# Hydraulic oil for Massey 50E loader



## Fusco (Apr 26, 2021)

This machine was built around 1080 and all of the data in the manual lists older spec numbers, so I am looking for some help in selecting 15 Gals of oil to do a complete change. Thanks a big SCOOP !
Alpinebob


----------



## Fusco (Apr 26, 2021)

My goof built in 1980 !!!


----------



## BigT (Sep 15, 2014)

Fusco,
The MF 50E was made 1992-1994. 68HP. That's a relatively new tractor compared to what most of us on the forum have! See the attached tractordata sheet on this tractor below:
TractorData.com Massey Ferguson 50E industrial tractor information

Most of us use Universal Tractor Fluid (UTF) in all reservoirs, with exception of the engine. Transmission, differential, hydraulic reservoirs, power steering. You can find UTF at Tractor Supply Stores, auto parts stores, Walmart.
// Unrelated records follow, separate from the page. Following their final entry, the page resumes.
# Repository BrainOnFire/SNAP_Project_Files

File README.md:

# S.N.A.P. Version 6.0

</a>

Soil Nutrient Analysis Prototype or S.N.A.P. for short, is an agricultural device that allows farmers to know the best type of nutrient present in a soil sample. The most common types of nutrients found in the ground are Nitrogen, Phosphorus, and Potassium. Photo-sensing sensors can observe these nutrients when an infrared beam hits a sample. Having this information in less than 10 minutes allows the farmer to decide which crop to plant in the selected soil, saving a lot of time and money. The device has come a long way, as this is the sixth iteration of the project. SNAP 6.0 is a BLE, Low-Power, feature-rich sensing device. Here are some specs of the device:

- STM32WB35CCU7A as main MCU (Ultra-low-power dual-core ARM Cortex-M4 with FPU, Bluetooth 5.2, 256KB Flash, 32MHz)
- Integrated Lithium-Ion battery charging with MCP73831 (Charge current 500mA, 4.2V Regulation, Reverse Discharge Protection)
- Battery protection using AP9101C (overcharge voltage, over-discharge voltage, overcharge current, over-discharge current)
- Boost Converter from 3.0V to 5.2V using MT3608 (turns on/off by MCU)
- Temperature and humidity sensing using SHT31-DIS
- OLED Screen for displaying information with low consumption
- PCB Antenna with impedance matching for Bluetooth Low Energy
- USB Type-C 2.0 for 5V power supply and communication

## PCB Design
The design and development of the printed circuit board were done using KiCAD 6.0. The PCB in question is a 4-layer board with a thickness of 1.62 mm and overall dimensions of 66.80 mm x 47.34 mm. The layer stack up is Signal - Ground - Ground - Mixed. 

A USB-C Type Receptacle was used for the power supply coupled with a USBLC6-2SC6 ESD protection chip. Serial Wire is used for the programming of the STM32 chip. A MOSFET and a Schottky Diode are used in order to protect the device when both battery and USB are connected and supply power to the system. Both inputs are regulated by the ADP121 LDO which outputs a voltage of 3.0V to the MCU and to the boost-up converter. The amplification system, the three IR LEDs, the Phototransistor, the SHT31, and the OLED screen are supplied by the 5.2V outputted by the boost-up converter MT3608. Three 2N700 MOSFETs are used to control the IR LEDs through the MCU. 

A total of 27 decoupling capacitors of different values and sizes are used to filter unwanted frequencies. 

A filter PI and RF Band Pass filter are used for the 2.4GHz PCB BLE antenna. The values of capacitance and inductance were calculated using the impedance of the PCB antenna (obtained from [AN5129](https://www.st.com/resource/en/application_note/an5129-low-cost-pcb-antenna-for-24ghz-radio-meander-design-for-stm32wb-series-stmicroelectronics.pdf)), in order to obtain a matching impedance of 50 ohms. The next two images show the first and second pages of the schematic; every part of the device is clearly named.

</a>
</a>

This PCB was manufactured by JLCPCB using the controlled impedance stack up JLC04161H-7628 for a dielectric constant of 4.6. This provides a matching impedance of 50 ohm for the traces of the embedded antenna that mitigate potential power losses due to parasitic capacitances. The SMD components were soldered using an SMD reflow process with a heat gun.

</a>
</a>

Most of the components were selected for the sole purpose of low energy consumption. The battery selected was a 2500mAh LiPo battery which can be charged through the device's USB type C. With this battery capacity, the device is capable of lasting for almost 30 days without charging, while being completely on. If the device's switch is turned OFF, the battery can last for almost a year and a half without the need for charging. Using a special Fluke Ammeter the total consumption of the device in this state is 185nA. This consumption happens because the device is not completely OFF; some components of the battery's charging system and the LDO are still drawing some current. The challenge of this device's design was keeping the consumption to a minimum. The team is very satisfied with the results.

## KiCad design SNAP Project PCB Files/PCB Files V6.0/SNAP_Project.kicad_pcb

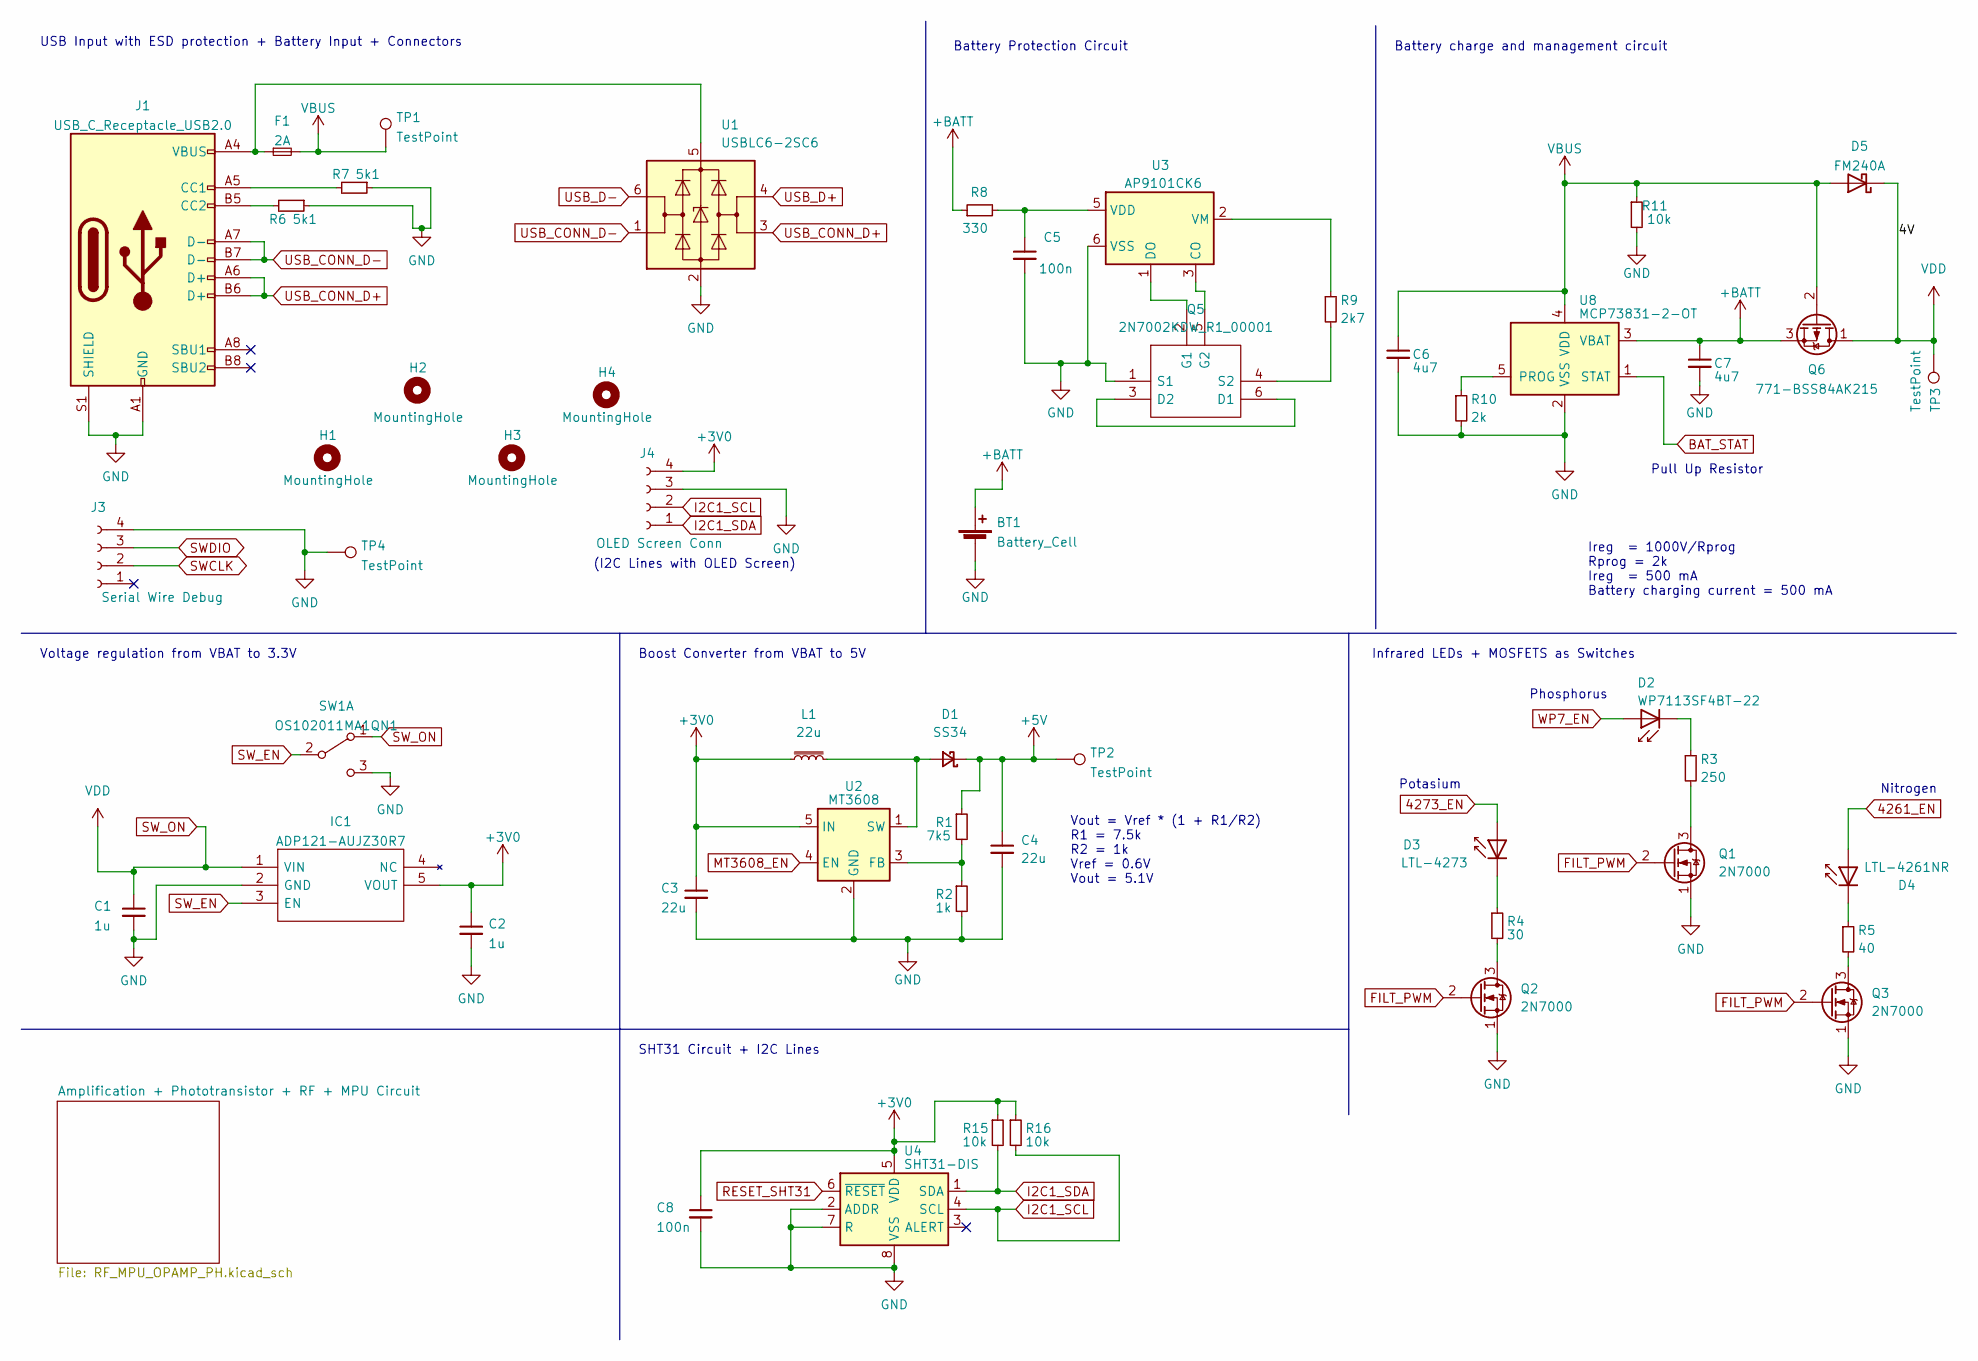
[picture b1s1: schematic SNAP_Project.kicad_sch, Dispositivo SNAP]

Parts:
BT1: Battery_Cell; Molex_KK-254_AE-6410-02A_1x02_P2.54mm_Vertical
C1, C2: 1u; C_1206_3216Metric
C3, C4: 22u; C_1206_3216Metric
C5: 100n; C_1206_3216Metric
C6, C7: 4u7; C_1206_3216Metric
C8: 100n; C_0402_1005Metric
D1: SS34; D_SMC
D2: WP7113SF4BT-22; Molex_KK-254_AE-6410-02A_1x02_P2.54mm_Vertical
D3: LTL-4273; Molex_KK-254_AE-6410-02A_1x02_P2.54mm_Vertical
D4: LTL-4261NR; Molex_KK-254_AE-6410-02A_1x02_P2.54mm_Vertical
D5: FM240A; DIOM5025X231N
F1: 2A; Fuse_0603_1608Metric; Mouser Code MFU0603FF02000P500
H1, H2, H3, H4: MountingHole; MountingHole_3mm_Pad
IC1: ADP121-AUJZ30R7; SOT95P280X100-5N; Mouser Part Number 584-ADP121-AUJZ33R7
J1: USB_C_Receptacle_USB2.0; USB_C_Receptacle_HRO_TYPE-C-31-M-12
J3: Serial Wire Debug; Molex_KK-254_AE-6410-04A_1x04_P2.54mm_Vertical
J4: OLED Screen Conn; Molex_KK-254_AE-6410-04A_1x04_P2.54mm_Vertical
L1: 22u; L_Vishay_IHLP-2020
Q1, Q2, Q3: 2N7000; TO-92_Inline
Q5: 2N7002KDW_R1_00001; SOT65P210X110-6N; Mouser Part Number 241-2N7002KDWR100001
Q6: 771-BSS84AK215; TSOT-23
R1: 7k5; R_1206_3216Metric
R2: 1k; R_1206_3216Metric
R3: 250; R_0805_2012Metric
R4: 30; R_0603_1608Metric
R5: 40; R_0603_1608Metric
R6, R7: 5k1; R_0402_1005Metric
R8: 330; R_0805_2012Metric
R9: 2k7; R_0805_2012Metric
R10: 2k; R_0603_1608Metric
R11: 10k; R_0805_2012Metric
R15, R16: 10k; R_0402_1005Metric
SW1: OS102011MA1QN1
TP1, TP2, TP3, TP4: TestPoint; TestPoint_Pad_D1.0mm
U1: USBLC6-2SC6; SOT-23-6
U2: MT3608; SOT-23-6
U3: AP9101CK6; SOT-23-6
U4: SHT31-DIS; Sensirion_DFN-8-1EP_2.5x2.5mm_P0.5mm_EP1.1x1.7mm
U8: MCP73831-2-OT; SOT-23-5

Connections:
4261_EN: D4.2 (A); also elsewhere on the board
4273_EN: D3.2 (A); also elsewhere on the board
+3V0: C2.1, C3.1, C8.1, IC1.5 (VOUT), J4.4, L1.1, R15.1, R16.1, U2.5 (IN), U4.5 (VDD); also elsewhere on the board
+5V: C4.1, D1.1 (K), R1.1, TP2.1; also elsewhere on the board
+BATT: BT1.1 (+), C7.1, Q6.3 (S), R8.1, U8.3 (VBAT); also elsewhere on the board
BAT_STAT: U8.1 (STAT); also elsewhere on the board
FILT_PWM: Q1.2 (G), Q2.2 (G), Q3.2 (G); also elsewhere on the board
GND: BT1.2 (-), C1.2, C2.2, C3.2, C4.2, C5.2, C6.2, C7.2, C8.2, IC1.2 (GND), J1.A1 (GND), J1.A12 (GND), J1.B1 (GND), J1.B12 (GND), J1.S1 (SHIELD), J3.4, J4.3, Q1.1 (S), Q2.1 (S), Q3.1 (S), Q5.1 (S1), R2.2, R6.1, R7.1, R10.2, R11.2, SW1.3 (C), TP4.1, U1.2 (GND), U2.2 (GND), U3.6 (VSS), U4.2 (ADDR), U4.7 (R), U4.8 (VSS), U4.9 (VSS), U8.2 (VSS); also elsewhere on the board
I2C1_SCL: J4.2, R16.2, U4.4 (SCL); also elsewhere on the board
I2C1_SDA: J4.1, R15.2, U4.1 (SDA); also elsewhere on the board
MT3608_EN: U2.4 (EN); also elsewhere on the board
unnamed: C5.1, R8.2, U3.5 (VDD)
unnamed: D1.2 (A), L1.2, U2.1 (SW)
unnamed: D2.1 (K), R3.1
unnamed: D3.1 (K), R4.1
unnamed: D4.1 (K), R5.1
unnamed: F1.1, J1.A4 (VBUS), J1.A9 (VBUS), J1.B4 (VBUS), J1.B9 (VBUS), U1.5 (VBUS)
unnamed: J1.A5 (CC1), R7.2
unnamed: J1.B5 (CC2), R6.2
unnamed: Q1.3 (D), R3.2
unnamed: Q2.3 (D), R4.2
unnamed: Q3.3 (D), R5.2
unnamed: Q5.2 (G1), U3.1 (DO)
unnamed: Q5.3 (D2), Q5.6 (D1)
unnamed: Q5.4 (S2), R9.2
unnamed: Q5.5 (G2), U3.3 (CO)
unnamed: R1.2, R2.1, U2.3 (FB)
unnamed: R9.1, U3.2 (VM)
unnamed: R10.1, U8.5 (PROG)
RESET_SHT31: U4.6 (~RESET); also elsewhere on the board
SWCLK: J3.2; also elsewhere on the board
SWDIO: J3.3; also elsewhere on the board
SW_EN: IC1.3 (EN), SW1.2 (B)
SW_ON: C1.1, D5.1 (K), IC1.1 (VIN), Q6.1 (D), SW1.1 (A), TP3.1
USB_CONN_D+: J1.A6 (D+), J1.B6 (D+), U1.3 (I/O2)
USB_CONN_D-: J1.A7 (D-), J1.B7 (D-), U1.1 (I/O1)
USB_D+: U1.4 (I/O2); also elsewhere on the board
USB_D-: U1.6 (I/O1); also elsewhere on the board
VBUS: C6.1, D5.2 (A), F1.2, Q6.2 (G), R11.1, TP1.1, U8.4 (VDD)
WP7_EN: D2.2 (A); also elsewhere on the board

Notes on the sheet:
Boost Converter from VBAT to 5V
(I2C Lines with OLED Screen)
Ireg = 1000V/Rprog Rprog = 2k Ireg = 500 mA Battery charging current = 500 mA
Voltage regulation from VBAT to 3.3V
Potasium
Vout = Vref * (1 + R1/R2) R1 = 7.5k R2 = 1k Vref = 0.6V Vout = 5.1V
SHT31 Circuit + I2C Lines
USB Input with ESD protection + Battery Input + Connectors
Phosphorus
Pull Up Resistor
Nitrogen
Battery Protection Circuit
Battery charge and management circuit
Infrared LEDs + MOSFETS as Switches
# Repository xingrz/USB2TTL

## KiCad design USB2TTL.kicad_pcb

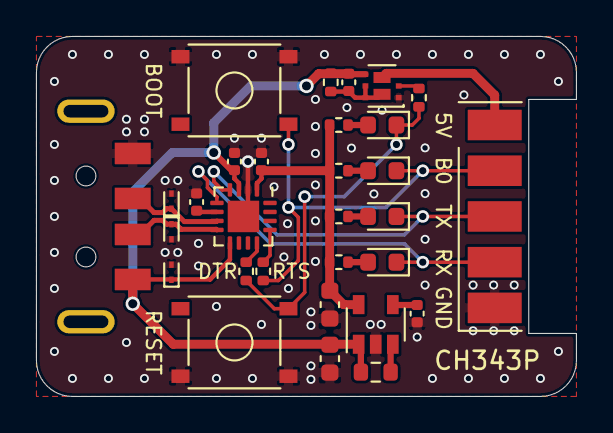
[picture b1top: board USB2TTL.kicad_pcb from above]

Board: 2 copper layers, 30.0 x 20.0 mm, 30 parts (0 on the bottom side), 21 nets.

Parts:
C1, C3: 10uF/25V; C_0603_1608Metric
C2: 10nF; C_0402_1005Metric
C4, C5, C6, C7: 0.1uF; C_0402_1005Metric
D1, D2, D3: LESD5Z5.0CT1G; D_SOD-923
D4, D5, D6, D7: LED; LED_0603_1608Metric
J1: USB_A; MOLEX_48037-2200
J2: Conn_01x05; PinHeader_1x05_P2.54mm_Horizontal_SMD
Q1: SiA517DJ; Vishay_PowerPAK_SC70-6L_Dual
R1: 10K; R_0603_1608Metric
R2: 1K; R_0402_1005Metric
R3: 100R; R_0402_1005Metric
R4, R5, R6, R7: 4.7K; R_0402_1005Metric
R8, R9: 0R; R_0402_1005Metric
SW1, SW2: TS-1187A-B-A-B; XKB_TS-1187A-B-A-B
U1: SPX3819M5-L-3-3; SOT-23-5
U2: CH343P; WQFN-16-1EP_3x3mm_P0.5mm_EP1.75x1.75mm

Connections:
+3V3: C3.1, C7.1, R4.2, R5.2, R6.2, R7.2, U1.5, U2.1
+5V: C1.1, C4.1, C6.1, D3.1, J1.1, Q1.4, R1.2, R2.1, U1.1, U2.3, U2.9
/BOOT: D6.1, J2.2, R9.1, SW2.1
/D+: D2.1, J1.3, U2.7
/D-: D1.1, J1.2, U2.8
/DTR: R8.2, U2.12
/RESET: D7.1, R3.2, R8.1, SW1.1
/RTS: R9.2, U2.13
/RXD: D5.1, J2.4, U2.5
/TXD: D4.1, J2.3, U2.4
/VOUT: J2.1, Q1.3
GND: C1.2, C2.2, C3.2, C5.2, C6.2, C7.2, D1.2, D2.2, D3.2, J1.4, J2.5, Q1.1, SW1.2, SW2.2, U1.2, U2.2, U2.17
unnamed: C2.1, U1.4
unnamed: C4.2, Q1.5, Q1.6, R2.2
unnamed: C5.1, U2.6
unnamed: D4.2, R4.1
unnamed: D5.2, R5.1
unnamed: D6.2, R6.1
unnamed: D7.2, R7.1
unnamed: Q1.2, R3.1
unnamed: R1.1, U1.3

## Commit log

2022-05-25 Init repository
2022-05-25 Basic set up
2022-05-25 Done V1.0
2022-05-25 Output gerber
2022-06-01 Fix rotation of SiA517DJ

Before you buy, read the label to make sure that it meets or exceeds MF specified fluid specs. I personally use the Travelers brand of UTF from my local Tractor Supply store.


----------



## Fusco (Apr 26, 2021)

OK! Goo d I have a Tractor supply only about 20 miles from my place. 
I had no idea of the "birthday" of my tractor, I bought it about 12 years ago from a rancher in Ramona Ca who had it for a short time and did not use it much at all. I am going to change the hydraulic oil/filters in both the loader and the transmission systems and do a few other maintenance chores. Thank you and all for the helpful information!!! Alpinebob


----------